Doesn’t this seem to have a familiar ring to it?
Wow – nice job Willis!
The models are apparently able to reproduce their inputs. Not exactly predictive.
Thanks Willis! Will need to look at the spreadsheet.
Everyone knows that the GISS temperatures are not correct and have been exaggerated by selection of sites with UHI effects and the speading of temperatures from these sites to areas where there is no measurement.
If I have your comments correct then it is possible to take out the supposed GHG effect altogether and still be able to model the actual temperatures. This would add to the findings in icecores and past experimental data (such as compiled by Beck) that CO2 lags temperature and so has no effect on climate (or weather).
Madman2001,
I would have to agree. I personally don’t care for the background images on the charts. I could live without them.
Willis says:
“4. Is this all a result of bad faith or intentional deception on the part of the modelers? I doubt it very much. I suspect that the choice of forcings and the other parts of the model “jes’ growed”, as Topsy said. My best guess is that this is the result of hundreds of small, incremental decisions and changes made over decades in the forcings, the model code, and the parameters.”
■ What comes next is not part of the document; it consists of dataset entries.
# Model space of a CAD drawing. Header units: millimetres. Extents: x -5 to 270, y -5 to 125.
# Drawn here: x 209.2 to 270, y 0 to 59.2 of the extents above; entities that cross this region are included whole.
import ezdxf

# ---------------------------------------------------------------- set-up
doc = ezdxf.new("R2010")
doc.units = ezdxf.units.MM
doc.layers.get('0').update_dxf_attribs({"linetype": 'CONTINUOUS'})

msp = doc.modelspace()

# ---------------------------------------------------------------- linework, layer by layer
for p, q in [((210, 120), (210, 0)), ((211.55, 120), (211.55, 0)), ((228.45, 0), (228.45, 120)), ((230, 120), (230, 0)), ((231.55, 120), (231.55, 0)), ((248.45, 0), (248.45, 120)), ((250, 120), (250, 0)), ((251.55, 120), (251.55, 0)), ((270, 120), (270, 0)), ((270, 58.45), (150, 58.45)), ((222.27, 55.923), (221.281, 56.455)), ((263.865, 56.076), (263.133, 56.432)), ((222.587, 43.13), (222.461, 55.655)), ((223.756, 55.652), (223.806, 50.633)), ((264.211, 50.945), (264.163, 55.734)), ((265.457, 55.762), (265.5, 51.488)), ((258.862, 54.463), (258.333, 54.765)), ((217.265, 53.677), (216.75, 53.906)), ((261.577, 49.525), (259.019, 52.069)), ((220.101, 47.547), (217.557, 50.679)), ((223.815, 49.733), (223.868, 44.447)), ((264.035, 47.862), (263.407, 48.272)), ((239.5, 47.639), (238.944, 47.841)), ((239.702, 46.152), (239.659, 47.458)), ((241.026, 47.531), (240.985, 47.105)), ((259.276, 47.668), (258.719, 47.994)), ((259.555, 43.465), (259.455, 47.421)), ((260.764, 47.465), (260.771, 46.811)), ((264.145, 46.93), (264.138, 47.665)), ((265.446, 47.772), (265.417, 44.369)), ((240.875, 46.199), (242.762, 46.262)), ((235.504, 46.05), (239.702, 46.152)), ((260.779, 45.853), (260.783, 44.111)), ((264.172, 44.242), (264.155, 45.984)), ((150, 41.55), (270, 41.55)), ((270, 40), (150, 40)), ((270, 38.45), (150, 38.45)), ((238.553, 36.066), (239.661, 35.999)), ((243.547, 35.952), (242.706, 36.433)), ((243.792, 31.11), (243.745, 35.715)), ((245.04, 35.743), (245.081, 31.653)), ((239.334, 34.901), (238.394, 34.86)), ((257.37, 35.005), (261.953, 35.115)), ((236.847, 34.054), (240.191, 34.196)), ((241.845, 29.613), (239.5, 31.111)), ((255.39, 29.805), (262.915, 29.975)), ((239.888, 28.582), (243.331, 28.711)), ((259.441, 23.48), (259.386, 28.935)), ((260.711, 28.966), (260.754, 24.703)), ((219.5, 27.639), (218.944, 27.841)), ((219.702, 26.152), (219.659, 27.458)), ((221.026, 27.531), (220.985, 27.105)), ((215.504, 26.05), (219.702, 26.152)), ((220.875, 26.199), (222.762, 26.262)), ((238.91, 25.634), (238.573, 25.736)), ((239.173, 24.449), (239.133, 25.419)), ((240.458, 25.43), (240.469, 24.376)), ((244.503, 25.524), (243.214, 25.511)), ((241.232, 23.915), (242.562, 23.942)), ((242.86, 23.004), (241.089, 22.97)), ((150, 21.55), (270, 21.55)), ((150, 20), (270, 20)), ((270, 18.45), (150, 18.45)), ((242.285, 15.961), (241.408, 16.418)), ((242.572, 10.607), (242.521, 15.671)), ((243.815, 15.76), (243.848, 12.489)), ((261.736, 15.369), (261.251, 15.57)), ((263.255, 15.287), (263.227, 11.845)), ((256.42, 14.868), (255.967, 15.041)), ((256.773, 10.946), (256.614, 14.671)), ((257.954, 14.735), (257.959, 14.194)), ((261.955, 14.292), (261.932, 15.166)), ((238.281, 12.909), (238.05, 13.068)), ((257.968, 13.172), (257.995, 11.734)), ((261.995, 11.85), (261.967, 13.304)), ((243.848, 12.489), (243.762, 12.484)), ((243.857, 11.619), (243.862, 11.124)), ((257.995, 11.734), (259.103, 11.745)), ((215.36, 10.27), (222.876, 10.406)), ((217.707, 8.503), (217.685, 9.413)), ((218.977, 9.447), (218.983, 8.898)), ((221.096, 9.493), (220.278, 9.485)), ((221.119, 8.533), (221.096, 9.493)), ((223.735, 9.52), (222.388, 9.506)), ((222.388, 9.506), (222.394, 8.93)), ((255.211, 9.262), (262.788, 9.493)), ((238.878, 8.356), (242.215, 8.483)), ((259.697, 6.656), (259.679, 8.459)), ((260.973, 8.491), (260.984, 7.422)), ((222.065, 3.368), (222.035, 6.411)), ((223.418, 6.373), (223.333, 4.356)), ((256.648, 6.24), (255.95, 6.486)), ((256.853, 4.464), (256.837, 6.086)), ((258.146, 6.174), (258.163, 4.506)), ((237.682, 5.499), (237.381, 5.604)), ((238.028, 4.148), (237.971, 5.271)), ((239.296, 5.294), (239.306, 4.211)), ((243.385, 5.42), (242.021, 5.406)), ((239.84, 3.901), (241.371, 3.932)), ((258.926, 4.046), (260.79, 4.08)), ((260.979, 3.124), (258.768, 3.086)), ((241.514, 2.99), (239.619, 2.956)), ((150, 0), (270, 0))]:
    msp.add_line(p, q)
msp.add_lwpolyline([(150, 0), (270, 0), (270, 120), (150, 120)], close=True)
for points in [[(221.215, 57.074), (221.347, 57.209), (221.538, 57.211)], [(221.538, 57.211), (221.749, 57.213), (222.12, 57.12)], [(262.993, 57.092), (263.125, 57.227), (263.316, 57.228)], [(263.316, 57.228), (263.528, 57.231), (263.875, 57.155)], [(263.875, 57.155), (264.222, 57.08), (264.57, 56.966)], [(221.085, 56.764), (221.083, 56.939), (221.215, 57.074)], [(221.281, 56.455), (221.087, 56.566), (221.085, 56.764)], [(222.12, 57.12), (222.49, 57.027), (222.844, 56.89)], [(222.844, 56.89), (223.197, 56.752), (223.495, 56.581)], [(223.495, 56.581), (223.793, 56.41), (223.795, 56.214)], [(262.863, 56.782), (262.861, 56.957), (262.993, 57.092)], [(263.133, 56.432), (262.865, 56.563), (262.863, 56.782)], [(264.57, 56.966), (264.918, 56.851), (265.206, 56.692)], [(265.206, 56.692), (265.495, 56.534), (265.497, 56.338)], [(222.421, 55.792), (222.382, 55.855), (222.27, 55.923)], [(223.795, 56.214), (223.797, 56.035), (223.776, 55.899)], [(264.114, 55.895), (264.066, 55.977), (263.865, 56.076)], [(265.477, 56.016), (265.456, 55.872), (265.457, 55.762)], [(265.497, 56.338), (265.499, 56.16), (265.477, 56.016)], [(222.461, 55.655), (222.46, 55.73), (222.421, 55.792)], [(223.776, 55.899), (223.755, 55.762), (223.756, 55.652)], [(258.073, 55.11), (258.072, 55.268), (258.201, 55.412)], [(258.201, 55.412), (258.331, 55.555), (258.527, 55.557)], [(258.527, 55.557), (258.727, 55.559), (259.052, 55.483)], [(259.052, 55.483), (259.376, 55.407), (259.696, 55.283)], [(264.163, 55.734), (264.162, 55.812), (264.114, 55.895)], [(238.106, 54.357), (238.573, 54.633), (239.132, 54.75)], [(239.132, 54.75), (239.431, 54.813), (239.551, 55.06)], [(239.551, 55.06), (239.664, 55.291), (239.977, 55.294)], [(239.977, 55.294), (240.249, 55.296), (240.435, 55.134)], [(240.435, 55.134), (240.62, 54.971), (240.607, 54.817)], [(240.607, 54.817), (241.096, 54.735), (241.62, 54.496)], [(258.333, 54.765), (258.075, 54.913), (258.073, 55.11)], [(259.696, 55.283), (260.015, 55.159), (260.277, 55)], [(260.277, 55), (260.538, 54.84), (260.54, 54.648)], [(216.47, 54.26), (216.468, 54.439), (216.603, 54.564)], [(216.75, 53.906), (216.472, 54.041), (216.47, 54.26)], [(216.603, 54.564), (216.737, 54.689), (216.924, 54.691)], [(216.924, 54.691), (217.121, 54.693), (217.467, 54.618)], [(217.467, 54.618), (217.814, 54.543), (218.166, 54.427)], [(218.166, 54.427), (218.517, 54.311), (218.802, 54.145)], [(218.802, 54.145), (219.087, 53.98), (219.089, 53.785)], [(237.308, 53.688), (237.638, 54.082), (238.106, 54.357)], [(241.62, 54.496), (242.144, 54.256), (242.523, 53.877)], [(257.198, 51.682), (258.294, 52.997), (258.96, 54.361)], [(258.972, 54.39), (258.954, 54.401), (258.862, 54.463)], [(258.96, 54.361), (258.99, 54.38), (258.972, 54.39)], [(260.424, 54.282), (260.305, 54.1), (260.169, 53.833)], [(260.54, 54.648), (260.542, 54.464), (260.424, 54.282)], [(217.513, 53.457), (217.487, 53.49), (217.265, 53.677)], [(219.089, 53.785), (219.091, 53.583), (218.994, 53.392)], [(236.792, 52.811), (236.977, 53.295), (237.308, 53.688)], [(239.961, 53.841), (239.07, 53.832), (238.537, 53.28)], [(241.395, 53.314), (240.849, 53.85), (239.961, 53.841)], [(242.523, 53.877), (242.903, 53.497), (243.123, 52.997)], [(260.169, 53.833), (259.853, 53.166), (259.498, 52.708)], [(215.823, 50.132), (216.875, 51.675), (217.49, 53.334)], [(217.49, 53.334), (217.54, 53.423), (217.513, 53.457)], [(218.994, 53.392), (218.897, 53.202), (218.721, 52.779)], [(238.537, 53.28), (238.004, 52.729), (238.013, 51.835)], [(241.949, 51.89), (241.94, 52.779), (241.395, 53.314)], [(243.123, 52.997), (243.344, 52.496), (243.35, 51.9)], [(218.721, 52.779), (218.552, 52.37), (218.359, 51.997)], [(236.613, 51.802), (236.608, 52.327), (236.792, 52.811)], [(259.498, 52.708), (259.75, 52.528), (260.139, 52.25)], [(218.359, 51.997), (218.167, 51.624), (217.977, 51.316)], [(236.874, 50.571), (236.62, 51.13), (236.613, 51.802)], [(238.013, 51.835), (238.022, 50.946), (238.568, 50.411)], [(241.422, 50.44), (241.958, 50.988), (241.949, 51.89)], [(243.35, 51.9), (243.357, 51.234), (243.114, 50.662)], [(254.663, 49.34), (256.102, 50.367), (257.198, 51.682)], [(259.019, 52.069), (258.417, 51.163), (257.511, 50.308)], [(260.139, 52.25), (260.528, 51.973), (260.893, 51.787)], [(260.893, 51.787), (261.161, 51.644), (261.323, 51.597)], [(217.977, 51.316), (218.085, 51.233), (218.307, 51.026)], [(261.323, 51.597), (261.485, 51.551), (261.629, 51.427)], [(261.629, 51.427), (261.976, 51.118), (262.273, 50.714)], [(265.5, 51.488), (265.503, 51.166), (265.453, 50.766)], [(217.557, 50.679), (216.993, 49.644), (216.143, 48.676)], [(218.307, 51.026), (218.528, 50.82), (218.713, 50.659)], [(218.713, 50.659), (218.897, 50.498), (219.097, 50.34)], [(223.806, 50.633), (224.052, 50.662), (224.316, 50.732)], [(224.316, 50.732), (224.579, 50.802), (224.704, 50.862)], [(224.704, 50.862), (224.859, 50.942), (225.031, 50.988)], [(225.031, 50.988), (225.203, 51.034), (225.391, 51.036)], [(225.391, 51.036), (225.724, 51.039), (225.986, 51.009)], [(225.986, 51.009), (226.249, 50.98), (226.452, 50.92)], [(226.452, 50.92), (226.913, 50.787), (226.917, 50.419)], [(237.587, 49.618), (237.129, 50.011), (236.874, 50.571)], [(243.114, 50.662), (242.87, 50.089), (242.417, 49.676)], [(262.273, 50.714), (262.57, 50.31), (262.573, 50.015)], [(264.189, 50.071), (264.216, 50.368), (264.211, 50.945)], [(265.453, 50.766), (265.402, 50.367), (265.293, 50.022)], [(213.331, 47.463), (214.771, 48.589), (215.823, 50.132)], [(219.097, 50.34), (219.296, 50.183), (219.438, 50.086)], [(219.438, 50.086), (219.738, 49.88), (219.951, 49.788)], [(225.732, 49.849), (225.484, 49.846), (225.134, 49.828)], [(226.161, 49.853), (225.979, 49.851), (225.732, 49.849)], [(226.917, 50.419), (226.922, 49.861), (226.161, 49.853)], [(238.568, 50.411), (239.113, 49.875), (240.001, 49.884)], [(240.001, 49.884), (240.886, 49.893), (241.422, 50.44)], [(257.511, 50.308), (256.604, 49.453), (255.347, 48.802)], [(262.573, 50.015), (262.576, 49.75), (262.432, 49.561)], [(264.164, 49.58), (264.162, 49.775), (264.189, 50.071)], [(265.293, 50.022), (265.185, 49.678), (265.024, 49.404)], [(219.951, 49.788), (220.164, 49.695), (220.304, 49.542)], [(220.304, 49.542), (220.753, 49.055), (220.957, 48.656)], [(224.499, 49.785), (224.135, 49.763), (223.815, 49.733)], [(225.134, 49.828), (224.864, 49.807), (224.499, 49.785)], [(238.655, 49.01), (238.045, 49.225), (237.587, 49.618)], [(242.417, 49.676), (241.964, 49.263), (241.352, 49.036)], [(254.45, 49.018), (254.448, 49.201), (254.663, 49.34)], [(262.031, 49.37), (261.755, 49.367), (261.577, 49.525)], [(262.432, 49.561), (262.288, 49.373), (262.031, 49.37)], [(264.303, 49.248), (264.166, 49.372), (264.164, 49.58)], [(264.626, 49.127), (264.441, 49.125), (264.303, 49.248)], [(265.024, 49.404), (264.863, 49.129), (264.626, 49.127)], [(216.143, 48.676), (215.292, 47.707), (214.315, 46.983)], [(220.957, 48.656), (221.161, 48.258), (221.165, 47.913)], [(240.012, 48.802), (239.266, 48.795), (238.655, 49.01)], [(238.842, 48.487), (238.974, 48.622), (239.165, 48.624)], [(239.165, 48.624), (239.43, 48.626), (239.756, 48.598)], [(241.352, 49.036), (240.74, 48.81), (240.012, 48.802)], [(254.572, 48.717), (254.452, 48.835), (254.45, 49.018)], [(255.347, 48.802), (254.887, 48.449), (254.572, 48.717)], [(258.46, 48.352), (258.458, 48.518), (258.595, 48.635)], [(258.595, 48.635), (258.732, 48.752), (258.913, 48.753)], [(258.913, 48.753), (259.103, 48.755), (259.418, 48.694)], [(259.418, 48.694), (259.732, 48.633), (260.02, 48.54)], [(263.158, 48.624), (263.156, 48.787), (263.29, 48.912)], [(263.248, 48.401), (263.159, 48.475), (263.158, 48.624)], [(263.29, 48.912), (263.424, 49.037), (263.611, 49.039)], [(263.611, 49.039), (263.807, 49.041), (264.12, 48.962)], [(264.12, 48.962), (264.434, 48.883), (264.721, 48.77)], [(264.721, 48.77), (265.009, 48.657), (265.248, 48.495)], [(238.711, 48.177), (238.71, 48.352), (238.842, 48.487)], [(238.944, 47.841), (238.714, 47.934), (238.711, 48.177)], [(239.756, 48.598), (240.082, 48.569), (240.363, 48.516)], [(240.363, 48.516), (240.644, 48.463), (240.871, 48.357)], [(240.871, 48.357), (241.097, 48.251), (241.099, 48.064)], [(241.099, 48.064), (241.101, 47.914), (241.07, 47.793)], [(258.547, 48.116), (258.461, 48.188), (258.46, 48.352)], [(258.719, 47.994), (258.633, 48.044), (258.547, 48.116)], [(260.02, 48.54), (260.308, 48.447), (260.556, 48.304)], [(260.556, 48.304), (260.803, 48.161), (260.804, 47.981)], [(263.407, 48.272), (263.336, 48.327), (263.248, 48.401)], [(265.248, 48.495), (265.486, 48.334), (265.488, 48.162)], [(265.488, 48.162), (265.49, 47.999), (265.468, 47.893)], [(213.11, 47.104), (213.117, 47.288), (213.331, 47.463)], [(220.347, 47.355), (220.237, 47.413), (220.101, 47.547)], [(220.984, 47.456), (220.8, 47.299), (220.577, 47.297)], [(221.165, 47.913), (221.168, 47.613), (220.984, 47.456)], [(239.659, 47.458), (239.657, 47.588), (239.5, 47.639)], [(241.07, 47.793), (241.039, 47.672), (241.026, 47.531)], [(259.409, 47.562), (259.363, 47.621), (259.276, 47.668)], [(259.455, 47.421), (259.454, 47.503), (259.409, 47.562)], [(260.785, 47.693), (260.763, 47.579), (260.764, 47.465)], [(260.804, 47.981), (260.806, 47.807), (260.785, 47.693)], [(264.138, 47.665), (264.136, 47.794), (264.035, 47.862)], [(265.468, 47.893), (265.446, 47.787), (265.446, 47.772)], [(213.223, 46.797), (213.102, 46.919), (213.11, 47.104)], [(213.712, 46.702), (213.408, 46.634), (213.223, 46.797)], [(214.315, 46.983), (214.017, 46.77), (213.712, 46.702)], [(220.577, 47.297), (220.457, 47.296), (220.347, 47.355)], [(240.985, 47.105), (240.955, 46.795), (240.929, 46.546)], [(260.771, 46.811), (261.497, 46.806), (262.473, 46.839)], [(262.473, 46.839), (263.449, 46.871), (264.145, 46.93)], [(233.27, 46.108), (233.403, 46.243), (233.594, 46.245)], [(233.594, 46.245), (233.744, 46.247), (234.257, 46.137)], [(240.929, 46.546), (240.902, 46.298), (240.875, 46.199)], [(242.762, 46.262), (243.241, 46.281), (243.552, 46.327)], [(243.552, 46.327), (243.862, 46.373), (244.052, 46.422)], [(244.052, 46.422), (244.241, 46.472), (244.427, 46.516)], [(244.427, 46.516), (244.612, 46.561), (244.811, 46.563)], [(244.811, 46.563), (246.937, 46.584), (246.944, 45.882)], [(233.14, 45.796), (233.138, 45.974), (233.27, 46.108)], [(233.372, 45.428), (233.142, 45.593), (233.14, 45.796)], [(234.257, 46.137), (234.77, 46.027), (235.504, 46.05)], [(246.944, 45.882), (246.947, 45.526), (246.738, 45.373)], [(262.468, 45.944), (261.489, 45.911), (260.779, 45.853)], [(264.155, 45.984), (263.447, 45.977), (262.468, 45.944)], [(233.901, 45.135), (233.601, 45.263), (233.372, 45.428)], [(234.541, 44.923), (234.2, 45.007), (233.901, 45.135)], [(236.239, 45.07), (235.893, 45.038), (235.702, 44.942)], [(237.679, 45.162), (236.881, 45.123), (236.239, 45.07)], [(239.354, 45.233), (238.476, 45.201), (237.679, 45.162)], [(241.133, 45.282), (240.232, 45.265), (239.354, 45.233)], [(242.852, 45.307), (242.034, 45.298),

IMHO, Hansen and Schneider and the other team leaders wanted to show warming, and their programmers had the task to deliver that warming while doing a good hindcasting. The motivation of everybody in the system was to make this happen, by parameters or by inventing the past history of the forcings. Everybody turned a blind eye on it. It would have been the job of QA to find this. There was no QA. Where there is no QA, anything can happen. Oh, we have peer review, but that was rigged.
That being said – the job of the modelers is even easier than i thought. They are all natural born slackers. We’ve all been taken for a ride.
I am wondering what they do with all of those extra teraflops, sounds to me like I could do the same processing on my WII at 2.5 MIPS (million instructions per second) with equal results (and a little bit cheaper). Maybe those extra teraflops are contributing to catastrophic warming? Perhaps someone should design another model and look in to that…
160 teraflops? I could do that with a pencil and some graph paper. Oh and a pencil sharpener. Better make that two pencils. Geez, the expenses just keep piling up!
The use and reference to a 160 teraflops capable machine to add heft to the credibility of models/simulations, calls to mind the tale of a mega-rancher in Texas. Wanting to know why his black cattle ate more grain than his white cattle, he hired a team of experts and leased a couple of Cray computers. After a year of effort, the report concluded that he had more black cattle.
I an not a scientist, I do read quite a bit, and perhaps understand some of it. A computer model can only attempt to simulate reality (however defined). And then, as I understand it, must be verified by actually measuring the reality that was simulated. The KISS principle seems to tell me, that if you must make up fudge factors, to get the model to work, then the model itself didn’t simulate this reality at all. We may learn quite a bit about the modelers intentions, by studying their efforts, but nothing at all about the reality we are studying.
Thanx Mr E, I love a free education.
This validates what Richard S Courtney has been saying all along, I’m sure he’ll be along soon to verify.
Now we await either Gavin (no chance) or Lacis to show up (nil chance)
Cementafriend says:
December 19, 2010 at 3:38 pm
Only in the simplest sense. The problem is that both my model (and apparently the GISS model) contain a built-in trend. This makes their predictive value something like zero.